A niche research community plays out what existence might be like on, or en route to, another planet.

Photo of a person in a space suit walking toward the ​Mars Desert Research Station near Hanksville, Utah

At the Mars Desert Research Station near Hanksville, Utah

Sarah Scoles

In November 2022, Tara Sweeney’s plane landed on Thwaites Glacier, a 74,000-square-mile mass of frozen water in West Antarctica. She arrived with an international research team to study the glacier’s geology and ice fabric, and how its ice melt might contribute to sea level rise. But while near Earth’s southernmost point, Sweeney kept thinking about the moon.

“It felt every bit of what I think it will feel like being a space explorer,” said Sweeney, a former Air Force officer who’s now working on a doctorate in lunar geology at the University of Texas at El Paso. “You have all of these resources, and you get to be the one to go out and do the exploring and do the science. And that was really spectacular.”

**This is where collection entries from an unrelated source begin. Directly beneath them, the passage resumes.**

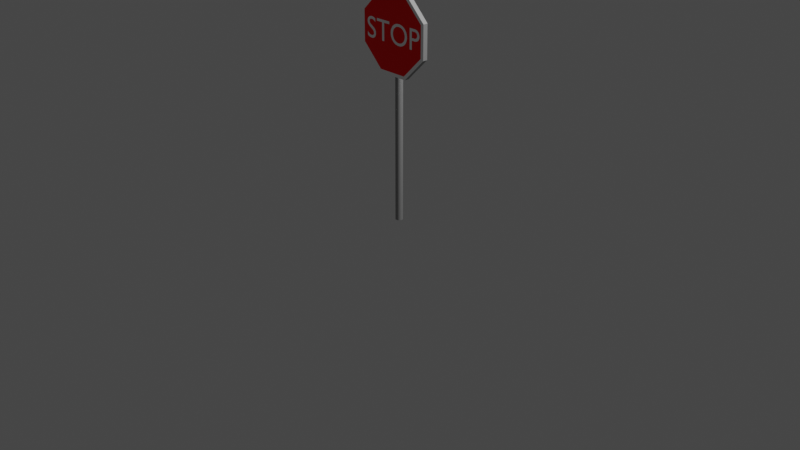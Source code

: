 # Source: stop_sign.blend  (saved by Blender 2.91.10; exported with 4.5.12 LTS)
import bpy
from mathutils import Matrix  # noqa: F401  (used for matrix-valued properties, if any)

bpy.ops.wm.read_factory_settings(use_empty=True)
scene = bpy.context.scene
scene.name = 'Scene'

# ---- collections
col_collection = bpy.data.collections.new('Collection'); scene.collection.children.link(col_collection)

# ---- materials (node trees are filled in below, after node groups)
mat_grey_001 = bpy.data.materials.new('Grey.001')
mat_grey_001.use_transparent_shadow = False
mat_white = bpy.data.materials.new('White')
mat_white.use_transparent_shadow = False
mat_red = bpy.data.materials.new('Red')
mat_red.use_transparent_shadow = False
mat_grey = bpy.data.materials.new('Grey')
mat_grey.use_transparent_shadow = False

# ---- material node trees
mat_grey_001.use_nodes = True; mat_grey_001.node_tree.nodes.clear()
_N = mat_grey_001.node_tree.nodes; _L = mat_grey_001.node_tree.links
n0 = _N.new('ShaderNodeBsdfPrincipled'); n0.name = 'Principled BSDF'; n0.location = (10, 300)
n0.distribution = 'GGX'
n0.subsurface_method = 'BURLEY'
n0.inputs[0].default_value = (0.3185, 0.3185, 0.3185, 1.0)
n0.inputs[3].default_value = 1.45
n0.inputs[27].default_value = (0.0, 0.0, 0.0, 1.0)
n0.inputs[28].default_value = 1.0
n1 = _N.new('ShaderNodeOutputMaterial'); n1.name = 'Material Output'; n1.location = (300, 300)
_L.new(n0.outputs[0], n1.inputs[0])
n1.is_active_output = True
mat_white.use_nodes = True; mat_white.node_tree.nodes.clear()
_N = mat_white.node_tree.nodes; _L = mat_white.node_tree.links
n0 = _N.new('ShaderNodeBsdfPrincipled'); n0.name = 'Principled BSDF'; n0.location = (10, 300)
n0.distribution = 'GGX'
n0.subsurface_method = 'BURLEY'
n0.inputs[0].default_value = (1.0, 1.0, 1.0, 1.0)
n0.inputs[3].default_value = 1.45
n0.inputs[13].default_value = 0.0
n0.inputs[27].default_value = (0.0, 0.0, 0.0, 1.0)
n0.inputs[28].default_value = 1.0
n1 = _N.new('ShaderNodeOutputMaterial'); n1.name = 'Material Output'; n1.location = (300, 300)
_L.new(n0.outputs[0], n1.inputs[0])
n1.is_active_output = True
mat_red.use_nodes = True; mat_red.node_tree.nodes.clear()
_N = mat_red.node_tree.nodes; _L = mat_red.node_tree.links
n0 = _N.new('ShaderNodeBsdfPrincipled'); n0.name = 'Principled BSDF'; n0.location = (10, 300)
n0.distribution = 'GGX'
n0.subsurface_method = 'BURLEY'
n0.inputs[0].default_value = (1.0, 0.0, 0.0, 1.0)
n0.inputs[2].default_value = 1.0
n0.inputs[3].default_value = 1.45
n0.inputs[27].default_value = (0.0, 0.0, 0.0, 1.0)
n0.inputs[28].default_value = 1.0
n1 = _N.new('ShaderNodeOutputMaterial'); n1.name = 'Material Output'; n1.location = (300, 300)
_L.new(n0.outputs[0], n1.inputs[0])
n1.is_active_output = True
mat_grey.use_nodes = True; mat_grey.node_tree.nodes.clear()
_N = mat_grey.node_tree.nodes; _L = mat_grey.node_tree.links
n0 = _N.new('ShaderNodeBsdfPrincipled'); n0.name = 'Principled BSDF'; n0.location = (10, 300)
n0.distribution = 'GGX'
n0.subsurface_method = 'BURLEY'
n0.inputs[0].default_value = (0.3185, 0.3185, 0.3185, 1.0)
n0.inputs[3].default_value = 1.45
n0.inputs[27].default_value = (0.0, 0.0, 0.0, 1.0)
n0.inputs[28].default_value = 1.0
n1 = _N.new('ShaderNodeOutputMaterial'); n1.name = 'Material Output'; n1.location = (300, 300)
_L.new(n0.outputs[0], n1.inputs[0])
n1.is_active_output = True

# ---- world
world_world = bpy.data.worlds.new('World'); scene.world = world_world
world_world.use_nodes = True; world_world.node_tree.nodes.clear()
_N = world_world.node_tree.nodes; _L = world_world.node_tree.links
n0 = _N.new('ShaderNodeOutputWorld'); n0.name = 'World Output'; n0.location = (300, 300)
n1 = _N.new('ShaderNodeBackground'); n1.name = 'Background'; n1.location = (10, 300)
n1.inputs[0].default_value = (0.05088, 0.05088, 0.05088, 1.0)
_L.new(n1.outputs[0], n0.inputs[0])
n0.is_active_output = True
world_world.color = (0.05088, 0.05088, 0.05088)
world_world.use_sun_shadow = False
world_world.sun_shadow_jitter_overblur = 0.0

# ---- cameras
cam_camera = bpy.data.cameras.new('Camera')
cam_camera.clip_end = 100.0
cam_camera.ortho_scale = 7.314

# ---- lights
light_light = bpy.data.lights.new('Light', 'POINT')
light_light.transmission_factor = 0.0
light_light.energy = 1023.0
light_light.shadow_soft_size = 0.1
light_light.shadow_maximum_resolution = 0.006
light_light.use_absolute_resolution = True

# ---- meshes
me_cylinder_004 = bpy.data.meshes.new('Cylinder.004')
me_cylinder_004.from_pydata([(0.0, 0.038, -1.0), (0.0, 0.038, 1.0), (0.007413, 0.03727, -1.0), (0.007413, 0.03727, 1.0), (0.01454, 0.03511, -1.0), (0.01454, 0.03511, 1.0), (0.02111, 0.0316, -1.0), (0.02111, 0.0316, 1.0), (0.02687, 0.02687, -1.0), (0.02687, 0.02687, 1.0), (0.0316, 0.02111, -1.0), (0.0316, 0.02111, 1.0), (0.03511, 0.01454, -1.0), (0.03511, 0.01454, 1.0), (0.03727, 0.007413, -1.0), (0.03727, 0.007413, 1.0), (0.038, 2.869e-09, -1.0), (0.038, 2.869e-09, 1.0), (0.03727, -0.007413, -1.0), (0.03727, -0.007413, 1.0), (0.03511, -0.01454, -1.0), (0.03511, -0.01454, 1.0), (0.0316, -0.02111, -1.0), (0.0316, -0.02111, 1.0), (0.02687, -0.02687, -1.0), (0.02687, -0.02687, 1.0), (0.02111, -0.0316, -1.0), (0.02111, -0.0316, 1.0), (0.01454, -0.03511, -1.0), (0.01454, -0.03511, 1.0), (0.007413, -0.03727, -1.0), (0.007413, -0.03727, 1.0), (-1.238e-08, -0.038, -1.0), (-1.238e-08, -0.038, 1.0), (-0.007413, -0.03727, -1.0), (-0.007413, -0.03727, 1.0), (-0.01454, -0.03511, -1.0), (-0.01454, -0.03511, 1.0), (-0.02111, -0.0316, -1.0), (-0.02111, -0.0316, 1.0), (-0.02687, -0.02687, -1.0), (-0.02687, -0.02687, 1.0), (-0.0316, -0.02111, -1.0), (-0.0316, -0.02111, 1.0), (-0.03511, -0.01454, -1.0), (-0.03511, -0.01454, 1.0), (-0.03727, -0.007413, -1.0), (-0.03727, -0.007413, 1.0), (-0.038, 3.669e-08, -1.0), (-0.038, 3.669e-08, 1.0), (-0.03727, 0.007413, -1.0), (-0.03727, 0.007413, 1.0), (-0.03511, 0.01454, -1.0), (-0.03511, 0.01454, 1.0), (-0.0316, 0.02111, -1.0), (-0.0316, 0.02111, 1.0), (-0.02687, 0.02687, -1.0), (-0.02687, 0.02687, 1.0), (-0.02111, 0.0316, -1.0), (-0.02111, 0.0316, 1.0), (-0.01454, 0.03511, -1.0), (-0.01454, 0.03511, 1.0), (-0.007413, 0.03727, -1.0), (-0.007413, 0.03727, 1.0)], [], [(0, 1, 3, 2), (2, 3, 5, 4), (4, 5, 7, 6), (6, 7, 9, 8), (8, 9, 11, 10), (10, 11, 13, 12), (12, 13, 15, 14), (14, 15, 17, 16), (16, 17, 19, 18), (18, 19, 21, 20), (20, 21, 23, 22), (22, 23, 25, 24), (24, 25, 27, 26), (26, 27, 29, 28), (28, 29, 31, 30), (30, 31, 33, 32), (32, 33, 35, 34), (34, 35, 37, 36), (36, 37, 39, 38), (38, 39, 41, 40), (40, 41, 43, 42), (42, 43, 45, 44), (44, 45, 47, 46), (46, 47, 49, 48), (48, 49, 51, 50), (50, 51, 53, 52), (52, 53, 55, 54), (54, 55, 57, 56), (56, 57, 59, 58), (58, 59, 61, 60), (3, 1, 63, 61, 59, 57, 55, 53, 51, 49, 47, 45, 43, 41, 39, 37, 35, 33, 31, 29, 27, 25, 23, 21, 19, 17, 15, 13, 11, 9, 7, 5), (60, 61, 63, 62), (62, 63, 1, 0), (0, 2, 4, 6, 8, 10, 12, 14, 16, 18, 20, 22, 24, 26, 28, 30, 32, 34, 36, 38, 40, 42, 44, 46, 48, 50, 52, 54, 56, 58, 60, 62)])
me_cylinder_004.polygons.foreach_set('use_smooth', [True] * 34)
_uv = me_cylinder_004.uv_layers.new(name='UVMap')
_uv.uv.foreach_set('vector', [1.0, 0.5, 1.0, 1.0, 0.9688, 1.0, 0.9688, 0.5, 0.9688, 0.5, 0.9688, 1.0, 0.9375, 1.0, 0.9375, 0.5, 0.9375, 0.5, 0.9375, 1.0, 0.9062, 1.0, 0.9062, 0.5, 0.9062, 0.5, 0.9062, 1.0, 0.875, 1.0, 0.875, 0.5, 0.875, 0.5, 0.875, 1.0, 0.8438, 1.0, 0.8438, 0.5, 0.8438, 0.5, 0.8438, 1.0, 0.8125, 1.0, 0.8125, 0.5, 0.8125, 0.5, 0.8125, 1.0, 0.7812, 1.0, 0.7812, 0.5, 0.7812, 0.5, 0.7812, 1.0, 0.75, 1.0, 0.75, 0.5, 0.75, 0.5, 0.75, 1.0, 0.7188, 1.0, 0.7188, 0.5, 0.7188, 0.5, 0.7188, 1.0, 0.6875, 1.0, 0.6875, 0.5, 0.6875, 0.5, 0.6875, 1.0, 0.6562, 1.0, 0.6562, 0.5, 0.6562, 0.5, 0.6562, 1.0, 0.625, 1.0, 0.625, 0.5, 0.625, 0.5, 0.625, 1.0, 0.5938, 1.0, 0.5938, 0.5, 0.5938, 0.5, 0.5938, 1.0, 0.5625, 1.0, 0.5625, 0.5, 0.5625, 0.5, 0.5625, 1.0, 0.5312, 1.0, 0.5312, 0.5, 0.5312, 0.5, 0.5312, 1.0, 0.5, 1.0, 0.5, 0.5, 0.5, 0.5, 0.5, 1.0, 0.4688, 1.0, 0.4688, 0.5, 0.4688, 0.5, 0.4688, 1.0, 0.4375, 1.0, 0.4375, 0.5, 0.4375, 0.5, 0.4375, 1.0, 0.4062, 1.0, 0.4062, 0.5, 0.4062, 0.5, 0.4062, 1.0, 0.375, 1.0, 0.375, 0.5, 0.375, 0.5, 0.375, 1.0, 0.3438, 1.0, 0.3438, 0.5, 0.3438, 0.5, 0.3438, 1.0, 0.3125, 1.0, 0.3125, 0.5, 0.3125, 0.5, 0.3125, 1.0, 0.2812, 1.0, 0.2812, 0.5, 0.2812, 0.5, 0.2812, 1.0, 0.25, 1.0, 0.25, 0.5, 0.25, 0.5, 0.25, 1.0, 0.2188, 1.0, 0.2188, 0.5, 0.2188, 0.5, 0.2188, 1.0, 0.1875, 1.0, 0.1875, 0.5, 0.1875, 0.5, 0.1875, 1.0, 0.1562, 1.0, 0.1562, 0.5, 0.1562, 0.5, 0.1562, 1.0, 0.125, 1.0, 0.125, 0.5, 0.125, 0.5, 0.125, 1.0, 0.09375, 1.0, 0.09375, 0.5, 0.09375, 0.5, 0.09375, 1.0, 0.0625, 1.0, 0.0625, 0.5, 0.2968, 0.4854, 0.25, 0.49, 0.2032, 0.4854, 0.1582, 0.4717, 0.1167, 0.4496, 0.08029, 0.4197, 0.05045, 0.3833, 0.02827, 0.3418, 0.01461, 0.2968, 0.01, 0.25, 0.01461, 0.2032, 0.02827, 0.1582, 0.05045, 0.1167, 0.08029, 0.08029, 0.1167, 0.05045, 0.1582, 0.02827, 0.2032, 0.01461, 0.25, 0.01, 0.2968, 0.01461, 0.3418, 0.02827, 0.3833, 0.05045, 0.4197, 0.08029, 0.4496, 0.1167, 0.4717, 0.1582, 0.4854, 0.2032, 0.49, 0.25, 0.4854, 0.2968, 0.4717, 0.3418, 0.4496, 0.3833, 0.4197, 0.4197, 0.3833, 0.4496, 0.3418, 0.4717, 0.0625, 0.5, 0.0625, 1.0, 0.03125, 1.0, 0.03125, 0.5, 0.03125, 0.5, 0.03125, 1.0, 0.0, 1.0, 0.0, 0.5, 0.75, 0.49, 0.7968, 0.4854, 0.8418, 0.4717, 0.8833, 0.4496, 0.9197, 0.4197, 0.9496, 0.3833, 0.9717, 0.3418, 0.9854, 0.2968, 0.99, 0.25, 0.9854, 0.2032, 0.9717, 0.1582, 0.9496, 0.1167, 0.9197, 0.08029, 0.8833, 0.05045, 0.8418, 0.02827, 0.7968, 0.01461, 0.75, 0.01, 0.7032, 0.01461, 0.6582, 0.02827, 0.6167, 0.05045, 0.5803, 0.08029, 0.5504, 0.1167, 0.5283, 0.1582, 0.5146, 0.2032, 0.51, 0.25, 0.5146, 0.2968, 0.5283, 0.3418, 0.5504, 0.3833, 0.5803, 0.4197, 0.6167, 0.4496, 0.6582, 0.4717, 0.7032, 0.4854])
me_cylinder_004.materials.append(mat_grey_001)
me_cylinder_004.use_remesh_fix_poles = True
me_cylinder_004.use_remesh_preserve_attributes = False
me_cylinder_004.use_mirror_vertex_groups = False
me_cylinder_004.update()
me_text = bpy.data.meshes.new('Text')
me_text.from_pydata([(0.2365, 0.1046, 0.026), (0.2365, -0.1, 0.026), (0.2659, -0.1, 0.026), (0.2659, -0.0115, 0.026), (0.2965, -0.0115, 0.026), (0.3078, -0.01099, 0.026), (0.3181, -0.009485, 0.026), (0.3273, -0.007061, 0.026), (0.3355, -0.003778, 0.026), (0.3426, 0.0003012, 0.026), (0.3488, 0.005112, 0.026), (0.3539, 0.01059, 0.026), (0.3581, 0.01668, 0.026), (0.3614, 0.0233, 0.026), (0.3637, 0.03041, 0.026), (0.365, 0.03793, 0.026), (0.3655, 0.0458, 0.026), (0.3651, 0.05376, 0.026), (0.3638, 0.06141, 0.026), (0.3616, 0.06866, 0.026), (0.3586, 0.07544, 0.026), (0.3546, 0.0817, 0.026), (0.3497, 0.08735, 0.026), (0.3439, 0.09233, 0.026), (0.3371, 0.09656, 0.026), (0.3294, 0.09997, 0.026), (0.3207, 0.1025, 0.026), (0.3111, 0.1041, 0.026), (0.3004, 0.1046, 0.026), (0.2659, 0.0782, 0.026), (0.3004, 0.0782, 0.026), (0.3067, 0.07787, 0.026), (0.3122, 0.07693, 0.026), (0.3171, 0.07543, 0.026), (0.3213, 0.07344, 0.026), (0.3248, 0.07102, 0.026), (0.3278, 0.06822, 0.026), (0.3302, 0.06512, 0.026), (0.3321, 0.06176, 0.026), (0.3335, 0.0582, 0.026), (0.3345, 0.05452, 0.026), (0.335, 0.05076, 0.026), (0.3352, 0.047, 0.026), (0.3349, 0.04208, 0.026), (0.3341, 0.03754, 0.026), (0.3327, 0.03338, 0.026), (0.3307, 0.02961, 0.026), (0.3283, 0.02625, 0.026), (0.3254, 0.0233, 0.026), (0.3221, 0.02078, 0.026), (0.3183, 0.01869, 0.026), (0.3141, 0.01705, 0.026), (0.3095, 0.01586, 0.026), (0.3045, 0.01514, 0.026), (0.2992, 0.0149, 0.026), (0.2659, 0.0149, 0.026), (-0.0179, 0.0023, 0.026), (-0.01703, -0.01142, 0.026), (-0.01446, -0.02475, 0.026), (-0.01025, -0.03752, 0.026), (-0.004456, -0.04959, 0.026), (0.002851, -0.0608, 0.026), (0.01161, -0.07101, 0.026), (0.02177, -0.08007, 0.026), (0.03326, -0.08781, 0.026), (0.04601, -0.0941, 0.026), (0.05998, -0.09878, 0.026), (0.0751, -0.1017, 0.026), (0.0913, -0.1027, 0.026), (0.108, -0.1017, 0.026), (0.1236, -0.09876, 0.026), (0.1378, -0.09406, 0.026), (0.1508, -0.08774, 0.026), (0.1624, -0.07997, 0.026), (0.1726, -0.0709, 0.026), (0.1814, -0.06068, 0.026), (0.1887, -0.04946, 0.026), (0.1944, -0.03739, 0.026), (0.1986, -0.02464, 0.026), (0.2011, -0.01136, 0.026), (0.202, 0.0023, 0.026), (0.2011, 0.01634, 0.026), (0.1985, 0.02987, 0.026), (0.1943, 0.04275, 0.026), (0.1885, 0.05486, 0.026), (0.1811, 0.06604, 0.026), (0.1723, 0.07617, 0.026), (0.162, 0.08512, 0.026), (0.1504, 0.09274, 0.026), (0.1376, 0.09891, 0.026), (0.1235, 0.1035, 0.026), (0.1082, 0.1063, 0.026), (0.0919, 0.1073, 0.026), (0.07581, 0.1063, 0.026), (0.06075, 0.1035, 0.026), (0.04677, 0.09887, 0.026), (0.03397, 0.09268, 0.026), (0.0224, 0.08503, 0.026), (0.01214, 0.07606, 0.026), (0.003259, 0.06591, 0.026), (-0.004167, 0.05472, 0.026), (-0.01007, 0.04263, 0.026), (-0.01437, 0.02977, 0.026), (-0.01701, 0.01628, 0.026), (0.0124, 0.0023, 0.026), (0.01309, 0.01329, 0.026), (0.01512, 0.0237, 0.026), (0.01841, 0.03347, 0.026), (0.02288, 0.04252, 0.026), (0.02845, 0.05078, 0.026), (0.03505, 0.05817, 0.026), (0.0426, 0.06463, 0.026), (0.05102, 0.07008, 0.026), (0.06024, 0.07444, 0.026), (0.07018, 0.07765, 0.026), (0.08076, 0.07962, 0.026), (0.0919, 0.0803, 0.026), (0.1031, 0.07962, 0.026), (0.1137, 0.07765, 0.026), (0.1237, 0.07444, 0.026), (0.133, 0.07008, 0.026), (0.1414, 0.06463, 0.026), (0.149, 0.05817, 0.026), (0.1556, 0.05078, 0.026), (0.1612, 0.04252, 0.026), (0.1657, 0.03347, 0.026), (0.169, 0.0237, 0.026), (0.171, 0.01329, 0.026), (0.1717, 0.0023, 0.026), (0.171, -0.008625, 0.026), (0.169, -0.019, 0.026), (0.1657, -0.02875, 0.026), (0.1612, -0.03779, 0.026), (0.1556, -0.04605, 0.026), (0.149, -0.05346, 0.026), (0.1414, -0.05994, 0.026), (0.133, -0.06541, 0.026), (0.1237, -0.0698, 0.026), (0.1137, -0.07303, 0.026), (0.1031, -0.07502, 0.026), (0.0919, -0.0757, 0.026), (0.08076, -0.07502, 0.026), (0.07018, -0.07303, 0.026), (0.06024, -0.0698, 0.026), (0.05102, -0.06541, 0.026), (0.0426, -0.05994, 0.026), (0.03505, -0.05346, 0.026), (0.02845, -0.04605, 0.026), (0.02288, -0.03779, 0.026), (0.01841, -0.02875, 0.026), (0.01512, -0.019, 0.026), (0.01309, -0.008625, 0.026), (-0.0365, 0.1046, 0.026), (-0.2075, 0.1046, 0.026), (-0.2075, 0.0782, 0.026), (-0.1367, 0.0782, 0.026), (-0.1367, -0.1, 0.026), (-0.1073, -0.1, 0.026), (-0.1073, 0.0782, 0.026), (-0.0365, 0.0782, 0.026), (-0.2303, 0.0929, 0.026), (-0.2339, 0.0952, 0.026), (-0.2376, 0.0973, 0.026), (-0.2413, 0.0992, 0.026), (-0.2451, 0.1009, 0.026), (-0.2488, 0.1024, 0.026), (-0.2526, 0.1037, 0.026), (-0.2565, 0.1048, 0.026), (-0.2603, 0.1057, 0.026), (-0.2642, 0.1064, 0.026), (-0.2681, 0.1069, 0.026), (-0.272, 0.1072, 0.026), (-0.2759, 0.1073, 0.026), (-0.285, 0.1069, 0.026), (-0.2935, 0.1056, 0.026), (-0.3014, 0.1035, 0.026), (-0.3087, 0.1005, 0.026), (-0.3152, 0.09688, 0.026), (-0.321, 0.09249, 0.026), (-0.326, 0.0874, 0.026), (-0.3302, 0.08166, 0.026), (-0.3336, 0.07528, 0.026), (-0.336, 0.06831, 0.026), (-0.3375, 0.06077, 0.026), (-0.338, 0.0527, 0.026), (-0.3363, 0.03969, 0.026), (-0.3314, 0.02851, 0.026), (-0.3242, 0.01886, 0.026), (-0.3151, 0.01041, 0.026), (-0.3047, 0.00287, 0.026), (-0.2938, -0.004075, 0.026), (-0.2828, -0.01073, 0.026), (-0.2724, -0.01741, 0.026), (-0.2633, -0.02442, 0.026), (-0.2561, -0.03206, 0.026), (-0.2512, -0.04065, 0.026), (-0.2495, -0.0505, 0.026), (-0.2497, -0.0534, 0.026), (-0.2504, -0.05637, 0.026), (-0.2515, -0.05934, 0.026), (-0.2531, -0.06226, 0.026), (-0.2551, -0.06505, 0.026), (-0.2576, -0.06767, 0.026), (-0.2606, -0.07006, 0.026), (-0.264, -0.07214, 0.026), (-0.268, -0.07387, 0.026), (-0.2724, -0.07518, 0.026), (-0.2774, -0.07601, 0.026), (-0.2828, -0.0763, 0.026), (-0.2878, -0.07608, 0.026), (-0.2927, -0.07543, 0.026), (-0.2976, -0.07436, 0.026), (-0.3024, -0.07287, 0.026), (-0.3071, -0.07096, 0.026), (-0.3117, -0.06865, 0.026), (-0.3162, -0.06594, 0.026), (-0.3206, -0.06283, 0.026), (-0.3249, -0.05934, 0.026), (-0.329, -0.05547, 0.026), (-0.333, -0.05122, 0.026), (-0.3368, -0.0466, 0.026), (-0.3368, -0.0838, 0.026), (-0.3325, -0.08688, 0.026), (-0.3282, -0.08968, 0.026), (-0.3238, -0.0922, 0.026), (-0.3193, -0.09443, 0.026), (-0.3147, -0.0964, 0.026), (-0.3101, -0.09809, 0.026), (-0.3053, -0.09951, 0.026), (-0.3004, -0.1007, 0.026), (-0.2954, -0.1016, 0.026), (-0.2903, -0.1022, 0.026), (-0.285, -0.1026, 0.026), (-0.2795, -0.1027, 0.026), (-0.2714, -0.1022, 0.026), (-0.2638, -0.1008, 0.026), (-0.2566, -0.09854, 0.026), (-0.25, -0.09544, 0.026), (-0.2439, -0.09158, 0.026), (-0.2385, -0.08699, 0.026), (-0.2337, -0.08173, 0.026), (-0.2297, -0.07586, 0.026), (-0.2265, -0.06941, 0.026), (-0.2242, -0.06246, 0.026), (-0.2227, -0.05504, 0.026), (-0.2222, -0.0472, 0.026), (-0.2239, -0.03223, 0.026), (-0.2288, -0.01964, 0.026), (-0.236, -0.009044, 0.026), (-0.2451, -8.893e-05, 0.026), (-0.2555, 0.007595, 0.026), (-0.2665, 0.01437, 0.026), (-0.2774, 0.02062, 0.026), (-0.2878, 0.02669, 0.026), (-0.2969, 0.03296, 0.026), (-0.3041, 0.03979, 0.026), (-0.309, 0.04755, 0.026), (-0.3107, 0.0566, 0.026), (-0.3104, 0.0601, 0.026), (-0.3096, 0.0634, 0.026), (-0.3083, 0.06647, 0.026), (-0.3065, 0.0693, 0.026), (-0.3043, 0.07187, 0.026), (-0.3016, 0.07415, 0.026), (-0.2985, 0.07613, 0.026), (-0.2951, 0.0778, 0.026), (-0.2913, 0.07913, 0.026), (-0.2873, 0.0801, 0.026), (-0.2829, 0.0807, 0.026), (-0.2783, 0.0809, 0.026), (-0.2748, 0.0808, 0.026), (-0.2712, 0.08047, 0.026), (-0.2674, 0.07989, 0.026), (-0.2636, 0.07904, 0.026), (-0.2597, 0.0779, 0.026), (-0.2556, 0.07644, 0.026), (-0.2516, 0.07463, 0.026), (-0.2474, 0.07246, 0.026), (-0.2432, 0.06989, 0.026), (-0.2389, 0.06691, 0.026), (-0.2346, 0.06349, 0.026), (-0.2303, 0.0596, 0.026), (-0.1722, 0.4157, -0.025), (-0.1584, 0.3823, 0.025), (0.1722, 0.4157, -0.025), (0.1584, 0.3823, 0.025), (0.4157, 0.1722, -0.025), (0.3823, 0.1584, 0.025), (0.4157, -0.1722, -0.025), (0.3823, -0.1584, 0.025), (0.1722, -0.4157, -0.025), (0.1584, -0.3823, 0.025), (-0.1722, -0.4157, -0.025), (-0.1584, -0.3823, 0.025), (-0.4157, -0.1722, -0.025), (-0.3823, -0.1584, 0.025), (-0.4157, 0.1722, -0.025), (-0.3823, 0.1584, 0.025), (0.1722, 0.4157, 0.025), (-0.1722, 0.4157, 0.025), (0.4157, 0.1722, 0.025), (0.4157, -0.1722, 0.025), (0.1722, -0.4157, 0.025), (-0.1722, -0.4157, 0.025), (-0.4157, -0.1722, 0.025), (-0.4157, 0.1722, 0.025)], [], [(1, 29, 0), (29, 28, 0), (29, 27, 28), (29, 26, 27), (29, 25, 26), (29, 24, 25), (29, 23, 24), (29, 22, 23), (29, 21, 22), (29, 30, 21), (30, 20, 21), (1, 55, 29), (31, 20, 30), (32, 20, 31), (33, 20, 32), (33, 19, 20), (34, 19, 33), (35, 19, 34), (36, 19, 35), (36, 18, 19), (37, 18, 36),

That similarity is why space scientists study the physiology and psychology of people living in Antarctic and other remote outposts: For around 25 years, people have played out what existence might be like on, or en route to, another world. Polar explorers are, in a way, analogous to astronauts who land on alien planets. And while Sweeney wasn’t technically on an “analog astronaut” mission — her primary objective being the geological exploration of Earth — her days played out much the same as a space explorer’s might.